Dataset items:
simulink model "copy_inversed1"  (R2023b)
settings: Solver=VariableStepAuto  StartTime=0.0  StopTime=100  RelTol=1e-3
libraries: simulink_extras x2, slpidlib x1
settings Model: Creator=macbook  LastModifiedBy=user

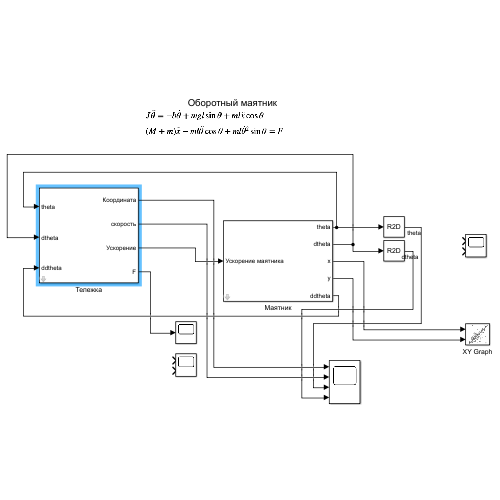
[thumbnail: Simulink's stored preview of the top-level diagram]
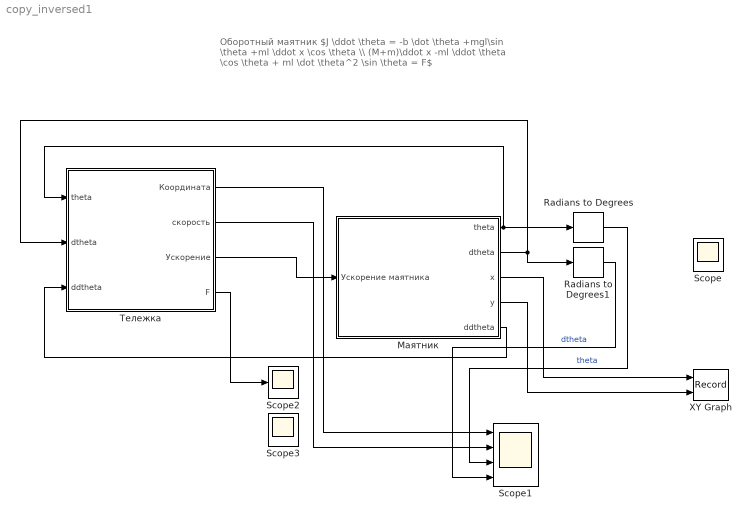
== system copy_inversed1 ==
  note: Оборотный маятник
      | $J \ddot \theta = -b \dot \theta +mgl\sin \theta +ml \ddot x \cos \theta \\ (M+m)\ddot x -ml \ddot \theta \cos \theta + ml \dot \theta^2 \sin \theta = F$
  Radians to Degrees : simulink_extras/Transformations/Radians to Degrees
  Radians to Degrees1 : simulink_extras/Transformations/Radians to Degrees
  Scope : Scope  NumInputPorts=2
  Scope1 : Scope  NumInputPorts=4
  Scope2 : Scope
  Scope3 : Scope  NumInputPorts=2
  XY Graph : Record  FileSettingsInternal="{\"entries\":[{\"content\":{\"excelSettings\":{\"content\":{},\"type\":\"Streamout.ExcelSettings\"}},\"type\":\"Streamout.FileSettingStorage\",\"uuid\":\"\"}],\"packageUris\":[\"http:\\/\\/schema.mathworks.com\\/mf0\\/streamout_blocks\\/R2020a\"],\"version\":\"1.0\"}"  Layout=[1 1]  SignalsInternal="{\"entries\":[{\"content\":{\"signals\":[{\"content\":{\"blockPath\":[],\"dimensions\":[1],\"domain\":\"\",\"lineColor\":\"#a2142f\",\"plots\":[1],\"port\":1,\"sid\":[\"\"],\"signalID\":125,\"signalName\":\"Маятник:3\"},\"type\":\"RecordBlkView.Signal\",\"uuid\":\"\"},{\"content\":{\"blockPath\":[],\"dimensions\":[1],\"domain\":\"\",\"lineColor\":\"#139fff\",\"plots\":[1],\"port\":2,\"sid\":[\"\"],\"signalID\":129,\"signalName\":\"Маятник:4\"},\"type\":\"RecordBlkView.Signal\",\"uuid\":\"\"}]},\"type\":\"RecordBlkView.InputSignals\",\"uuid\":\"\"}],\"packageUris\":[\"http:\\/\\/schema.mathworks.com\\/mf0\\/streamout_blocks\\/R2020a\"],\"version\":\"1.0\"}"  VisualizationBindings="{\"xyplotplugin\":{\"info\":[{\"series\":[{\"bindingParametersList\":[{\"parameter\":\"X-Axis\",\"signalID\":125,\"signalName\":\"Маятник:3\"},{\"parameter\":\"Y-Axis\",\"signalID\":129,\"signalName\":\"Маятник:4\"}],\"seriesID\":60754}],\"subplotID\":1}]}}"  CompatibilityTag=XY
  Маятник : Subsystem  mask{m=0.1, l=0.5, g=9.8, angel=20, b=0.05}
      mask prompts: angel "Начальный угол"
  Тележка : Subsystem  mask{F=0, Mas=1, m=0.1, l=0.5}
      mask prompts: F "начальная F"; Mas "M"
  wires:
  Маятник/1(theta) -> Тележка/1(theta), Radians to Degrees/1
  Radians to Degrees/1 -> Scope1/3  "theta"
  Маятник/3(x) -> XY Graph/1
  Маятник/2(dtheta) -> Тележка/2(dtheta), Radians to Degrees1/1
  Radians to Degrees1/1 -> Scope1/4  "dtheta"
  Маятник/4(y) -> XY Graph/2
  Тележка/4(F) -> Scope2/1
  Тележка/3(Ускорение) -> Маятник/1(Ускорение маятника)
  Маятник/5(ddtheta) -> Тележка/3(ddtheta)
  Тележка/1(Координата) -> Scope1/1
  Тележка/2(скорость) -> Scope1/2

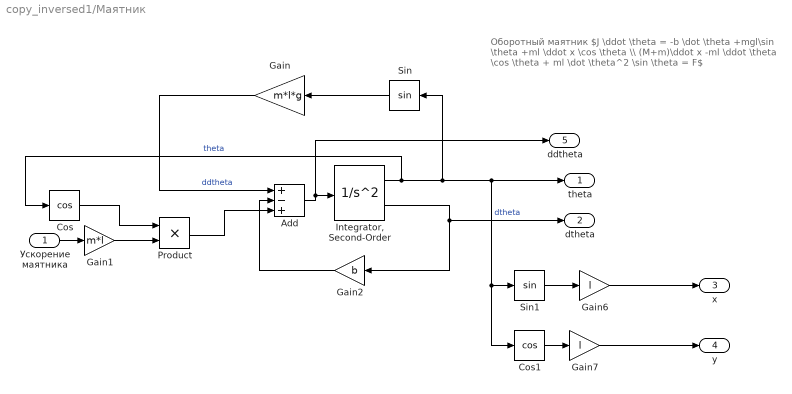
== system copy_inversed1/Маятник ==
  note: Оборотный маятник
      | $J \ddot \theta = -b \dot \theta +mgl\sin \theta +ml \ddot x \cos \theta \\ (M+m)\ddot x -ml \ddot \theta \cos \theta + ml \dot \theta^2 \sin \theta = F$
  Ускорение маятника : Inport
  Add : Sum  Inputs=+-+
  Cos : Trigonometry  Operator=cos
  Cos1 : Trigonometry  Operator=cos
  Gain : Gain  Gain=m*l*g
  Gain1 : Gain  Gain=m*l
  Gain2 : Gain  Gain=b
  Gain6 : Gain  Gain=l
  Gain7 : Gain  Gain=l
  "Integrator, Second-Order" : SecondOrderIntegrator  ICX=deg2rad(angel)  ICDXDT=0
  Product : Product
  Sin : Trigonometry
  Sin1 : Trigonometry
  theta : Outport
  dtheta : Outport  Port=2
  x : Outport  Port=3
  y : Outport  Port=4
  ddtheta : Outport  Port=5
  wires:
  Gain/1 -> Add/1  "ddtheta"
  Add/1 -> ddtheta/1, "Integrator, Second-Order"/1
  Sin1/1 -> Gain6/1
  Gain7/1 -> y/1
  Cos1/1 -> Gain7/1
  "Integrator, Second-Order"/2 -> Gain2/1, dtheta/1  "dtheta"
  "Integrator, Second-Order"/1 -> theta/1, Cos1/1, Sin1/1, Sin/1, Cos/1  "theta"
  Gain2/1 -> Add/2
  Gain6/1 -> x/1
  Sin/1 -> Gain/1
  Ускорение маятника/1 -> Gain1/1
  Gain1/1 -> Product/2
  Cos/1 -> Product/1
  Product/1 -> Add/3

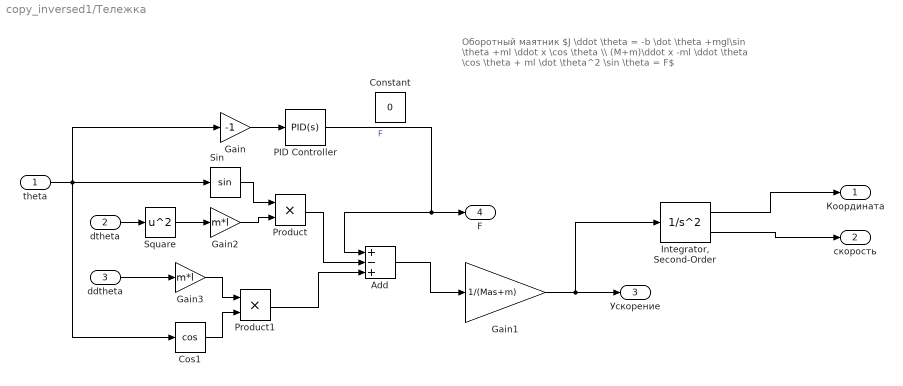
== system copy_inversed1/Тележка ==
  note: Оборотный маятник
      | $J \ddot \theta = -b \dot \theta +mgl\sin \theta +ml \ddot x \cos \theta \\ (M+m)\ddot x -ml \ddot \theta \cos \theta + ml \dot \theta^2 \sin \theta = F$
  theta : Inport
  dtheta : Inport  Port=2
  ddtheta : Inport  Port=3
  Add : Sum  Inputs=+-+
  Constant : Constant  Value=0
  Cos1 : Trigonometry  Operator=cos
  Gain : Gain  Gain=-1
  Gain1 : Gain  Gain=1/(Mas+m)
  Gain2 : Gain  Gain=m*l
  Gain3 : Gain  Gain=m*l
  "Integrator, Second-Order" : SecondOrderIntegrator
  PID Controller : slpidlib/PID Controller  Controller=PID  Form=Parallel  TimeDomain=Continuous-time  UseExternalTs=off  SampleTime=-1  IntegratorMethod=Forward Euler  FilterMethod=Forward Euler  ControllerParametersSource=internal  P=50  I=1  UseKiTs=on  D=50  N=100  UseFilter=on  TunerSelectOption=Transfer Function Based (PID Tuner App)  InitialConditionSource=internal  InitialConditionForIntegrator=0  InitialConditionForFilter=0  DifferentiatorICPrevScaledInput=0  ExternalReset=none  TrackingMode=off  Kt=1  LimitOutput=off  SatLimitsSource=internal  UpperSaturationLimit=inf  LowerSaturationLimit=-inf  LinearizeAsGain=on  AntiWindupMode=none  Kb=1  LimitIntegrator=off  UpperIntegratorSaturationLimit=inf  LowerIntegratorSaturationLimit=-inf  POutMin=[]  POutMax=[]  IOutMin=[]  IOutMax=[]  DOutMin=[]  DOutMax=[]  NOutMin=[]  NOutMax=[]  SumOutMin=[]  SumOutMax=[]  SaturationOutMin=[]  SaturationOutMax=[]  PParamMin=[]  PParamMax=[]  IParamMin=[]  IParamMax=[]  DParamMin=[]  DParamMax=[]  NParamMin=[]  NParamMax=[]  KbParamMin=[]  KbParamMax=[]  KtParamMin=[]  KtParamMax=[]  KbOutMin=[]  KbOutMax=[]  KtOutMin=[]  KtOutMax=[]  IntegratorOutMin=[]  IntegratorOutMax=[]  FilterOutMin=[]  FilterOutMax=[]  SumI1OutMin=[]  SumI1OutMax=[]  SumI2OutMin=[]  SumI2OutMax=[]  SumI3OutMin=[]  SumI3OutMax=[]  SumI4OutMin=[]  SumI4OutMax=[]  SumDOutMin=[]  SumDOutMax=[]  DifferentiatorOutMin=[]  DifferentiatorOutMax=[]  FilterDiffOutCoefMin=[]  FilterDiffOutCoefMax=[]  ReciprocalOutMin=[]  ReciprocalOutMax=[]  SumDenOutMin=[]  SumDenOutMax=[]  SumNumOutMin=[]  SumNumOutMax=[]  DivideOutMin=[]  DivideOutMax=[]  UdiffTsProdOutMin=[]  UdiffTsProdOutMax=[]  NTsProdOutMin=[]  NTsProdOutMax=[]  UintegralTsProdOutMin=[]  UintegralTsProdOutMax=[]  UngainTsProdOutMin=[]  UngainTsProdOutMax=[]  ClampingZeroOutDataTypeStr=Inherit: Inherit via back propagation  ClampingZeroOutMin=[]  ClampingZeroOutMax=[]  FilterDenConstantOutDataTypeStr=Inherit: Inherit via back propagation  FilterDenConstantOutMin=[]  FilterDenConstantOutMax=[]  PCopyOutDataTypeStr=Inherit: Inherit via back propagation  PCopyOutMin=[]  PCopyOutMax=[]  NCopyOutDataTypeStr=Inherit: Inherit via back propagation  NCopyOutMin=[]  NCopyOutMax=[]  IntegratorContinuousStateAttributes=''  IntegratorStateMustResolveToSignalObject=off  IntegratorRTWStateStorageClass=Auto  FilterContinuousStateAttributes=''  FilterStateMustResolveToSignalObject=off  FilterRTWStateStorageClass=Auto  ParallelPVariant=InternalParameters  IdealPVariant=Disabled  IVariant=InternalParameters  DVariant=InternalParameters  IntegratorVariant=Continuous  SatVariant=Disabled  AWVariant=Passthrough  PCopyVariant=Disabled  TRVariant=Disabled  FdbkBlocksVariant=Forward  IdealPFdbkVariant=Disabled  SatFdbkVariant=Disabled  DerivativeFilterVariant=ContFilter  NVariant=InternalParameters  NCopyVariant=Disabled  FilterICVariant=InternalICsFilter  IntegratorICVariant=InternalICs  ExternalResetVariant=Disabled  TRSumVariant=Passthrough  SumFdbkVariant=Disabled  SumVariant=Sum_PID  TsampFilterVariant=InternalTs  TsampNgainVariant=Passthrough  TsampIntegralVariant=Disabled_SignalSpec  ExternalSaturationOutDataTypeStr=Inherit: Same as second input
  Product : Product
  Product1 : Product
  Sin : Trigonometry
  Square : Math  Operator=square
  Координата : Outport
  скорость : Outport  Port=2
  Ускорение : Outport  Port=3
  F : Outport  Port=4
  wires:
  PID Controller/1 -> Add/1, F/1  "F"
  theta/1 -> Sin/1, Gain/1, Cos1/1
  Gain/1 -> PID Controller/1
  dtheta/1 -> Square/1
  Square/1 -> Gain2/1
  Sin/1 -> Product/1
  Gain2/1 -> Product/2
  ddtheta/1 -> Gain3/1
  Gain3/1 -> Product1/1
  Cos1/1 -> Product1/2
  Product/1 -> Add/2
  Product1/1 -> Add/3
  Add/1 -> Gain1/1
  Gain1/1 -> "Integrator, Second-Order"/1, Ускорение/1
  "Integrator, Second-Order"/1 -> Координата/1
  "Integrator, Second-Order"/2 -> скорость/1

* **Work instructions**
Up to and including the line containing "Radians to Degrees : simulink_extras/Transformations/Radians", repeat every line from the start of the data, but none of the pictures.

* **Finished exercise**
simulink model "copy_inversed1"  (R2023b)
settings: Solver=VariableStepAuto  StartTime=0.0  StopTime=100  RelTol=1e-3
libraries: simulink_extras x2, slpidlib x1
settings Model: Creator=macbook  LastModifiedBy=user

[thumbnail: Simulink's stored preview of the top-level diagram]
== system copy_inversed1 ==
  note: Оборотный маятник
      | $J \ddot \theta = -b \dot \theta +mgl\sin \theta +ml \ddot x \cos \theta \\ (M+m)\ddot x -ml \ddot \theta \cos \theta + ml \dot \theta^2 \sin \theta = F$
  Radians to Degrees : simulink_extras/Transformations/Radians to Degrees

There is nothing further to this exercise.